** Exercise inputs follows **
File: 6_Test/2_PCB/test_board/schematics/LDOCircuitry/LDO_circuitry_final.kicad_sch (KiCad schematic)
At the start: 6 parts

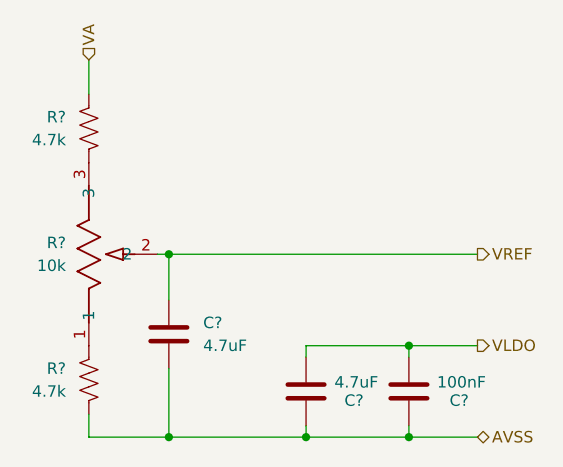
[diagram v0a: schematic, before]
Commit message: Revert "Corrections to schematic 11_20_24"
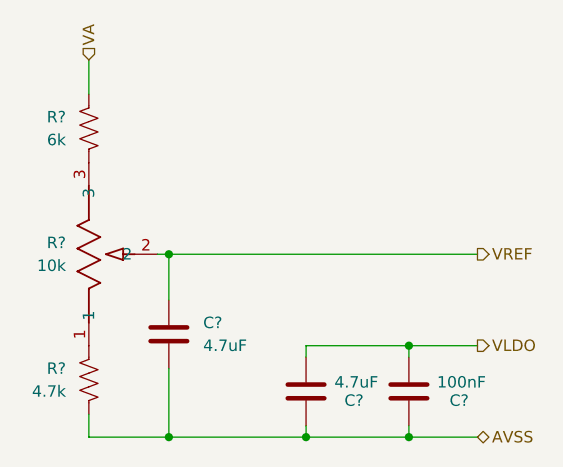
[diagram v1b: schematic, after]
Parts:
- R?: value 4.7k -> 6k
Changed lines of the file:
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@@
 				)
 			)
-			(project "board_main"
-				(path "/9c0580c5-7bd5-4e54-bf4c-826aa4ac3630/104c40d7-ae25-447b-8675-a765b7f78bca"
-					(reference "C8")
+			(project "LDO_circuitry_final"
+				(path "/9c0580c5-7bd5-4e54-bf4c-826aa4ac3630/104c40d7-ae25-447b-8675-a765b7f78bca"
+					(reference "C?")
 					(unit 1)
 				)
@@
 			)
 		)
-		(property "Value" "4.7k"
+		(property "Value" "6k"
 			(at 111.76 82.5499 0)
 			(effects
@@
 				)
 			)
-			(project "board_main"
-				(path "/9c0580c5-7bd5-4e54-bf4c-826aa4ac3630/104c40d7-ae25-447b-8675-a765b7f78bca"
-					(reference "R7")
+			(project "LDO_circuitry_final"
+				(path "/9c0580c5-7bd5-4e54-bf4c-826aa4ac3630/104c40d7-ae25-447b-8675-a765b7f78bca"
+					(reference "R?")
 					(unit 1)
 				)
@@
 				)
 			)
-			(project "board_main"
-				(path "/9c0580c5-7bd5-4e54-bf4c-826aa4ac3630/104c40d7-ae25-447b-8675-a765b7f78bca"
-					(reference "C9")
+			(project "LDO_circuitry_final"
+				(path "/9c0580c5-7bd5-4e54-bf4c-826aa4ac3630/104c40d7-ae25-447b-8675-a765b7f78bca"
+					(reference "C?")
 					(unit 1)
 				)
@@
 				)
 			)
-			(project "board_main"
-				(path "/9c0580c5-7bd5-4e54-bf4c-826aa4ac3630/104c40d7-ae25-447b-8675-a765b7f78bca"
-					(reference "C7")
+			(project "LDO_circuitry_final"
+				(path "/9c0580c5-7bd5-4e54-bf4c-826aa4ac3630/104c40d7-ae25-447b-8675-a765b7f78bca"
+					(reference "C?")
 					(unit 1)
 				)
@@
 				)
 			)
-			(project "board_main"
-				(path "/9c0580c5-7bd5-4e54-bf4c-826aa4ac3630/104c40d7-ae25-447b-8675-a765b7f78bca"
-					(reference "R8")
+			(project "LDO_circuitry_final"
+				(path "/9c0580c5-7bd5-4e54-bf4c-826aa4ac3630/104c40d7-ae25-447b-8675-a765b7f78bca"
+					(reference "R?")
 					(unit 1)
 				)
@@
 				)
 			)
-			(project "board_main"
-				(path "/9c0580c5-7bd5-4e54-bf4c-826aa4ac3630/104c40d7-ae25-447b-8675-a765b7f78bca"
-					(reference "R9")
-					(unit 1)
-				)
+			(project "LDO_circuitry_final"
+				(path "/9c0580c5-7bd5-4e54-bf4c-826aa4ac3630/104c40d7-ae25-447b-8675-a765b7f78bca"
+					(reference "R?")
+					(unit 1)
+				)

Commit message: Corrections to schematic 11_20_24
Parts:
- R?: value 6k -> 4.7k
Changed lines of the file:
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@@
 				)
 			)
-			(project "LDO_circuitry_final"
-				(path "/9c0580c5-7bd5-4e54-bf4c-826aa4ac3630/104c40d7-ae25-447b-8675-a765b7f78bca"
-					(reference "C?")
+			(project "board_main"
+				(path "/9c0580c5-7bd5-4e54-bf4c-826aa4ac3630/104c40d7-ae25-447b-8675-a765b7f78bca"
+					(reference "C8")
 					(unit 1)
 				)
@@
 			)
 		)
-		(property "Value" "6k"
+		(property "Value" "4.7k"
 			(at 111.76 82.5499 0)
 			(effects
@@
 				)
 			)
-			(project "LDO_circuitry_final"
-				(path "/9c0580c5-7bd5-4e54-bf4c-826aa4ac3630/104c40d7-ae25-447b-8675-a765b7f78bca"
-					(reference "R?")
+			(project "board_main"
+				(path "/9c0580c5-7bd5-4e54-bf4c-826aa4ac3630/104c40d7-ae25-447b-8675-a765b7f78bca"
+					(reference "R7")
 					(unit 1)
 				)
@@
 				)
 			)
-			(project "LDO_circuitry_final"
-				(path "/9c0580c5-7bd5-4e54-bf4c-826aa4ac3630/104c40d7-ae25-447b-8675-a765b7f78bca"
-					(reference "C?")
+			(project "board_main"
+				(path "/9c0580c5-7bd5-4e54-bf4c-826aa4ac3630/104c40d7-ae25-447b-8675-a765b7f78bca"
+					(reference "C9")
 					(unit 1)
 				)
@@
 				)
 			)
-			(project "LDO_circuitry_final"
-				(path "/9c0580c5-7bd5-4e54-bf4c-826aa4ac3630/104c40d7-ae25-447b-8675-a765b7f78bca"
-					(reference "C?")
+			(project "board_main"
+				(path "/9c0580c5-7bd5-4e54-bf4c-826aa4ac3630/104c40d7-ae25-447b-8675-a765b7f78bca"
+					(reference "C7")
 					(unit 1)
 				)
@@
 				)
 			)
-			(project "LDO_circuitry_final"
-				(path "/9c0580c5-7bd5-4e54-bf4c-826aa4ac3630/104c40d7-ae25-447b-8675-a765b7f78bca"
-					(reference "R?")
+			(project "board_main"
+				(path "/9c0580c5-7bd5-4e54-bf4c-826aa4ac3630/104c40d7-ae25-447b-8675-a765b7f78bca"
+					(reference "R8")
 					(unit 1)
 				)
@@
 				)
 			)
-			(project "LDO_circuitry_final"
-				(path "/9c0580c5-7bd5-4e54-bf4c-826aa4ac3630/104c40d7-ae25-447b-8675-a765b7f78bca"
-					(reference "R?")
-					(unit 1)
-				)
+			(project "board_main"
+				(path "/9c0580c5-7bd5-4e54-bf4c-826aa4ac3630/104c40d7-ae25-447b-8675-a765b7f78bca"
+					(reference "R9")
+					(unit 1)
+				)
** End of Exercise inputs **
▶ Exercise
Each line in the data that holds the string "schematic" needs to be copied.

▶ Written reply
File: 6_Test/2_PCB/test_board/schematics/LDOCircuitry/LDO_circuitry_final.kicad_sch (KiCad schematic)
[diagram v0a: schematic, before]
Commit message: Revert "Corrections to schematic 11_20_24"
[diagram v1b: schematic, after]
Commit message: Corrections to schematic 11_20_24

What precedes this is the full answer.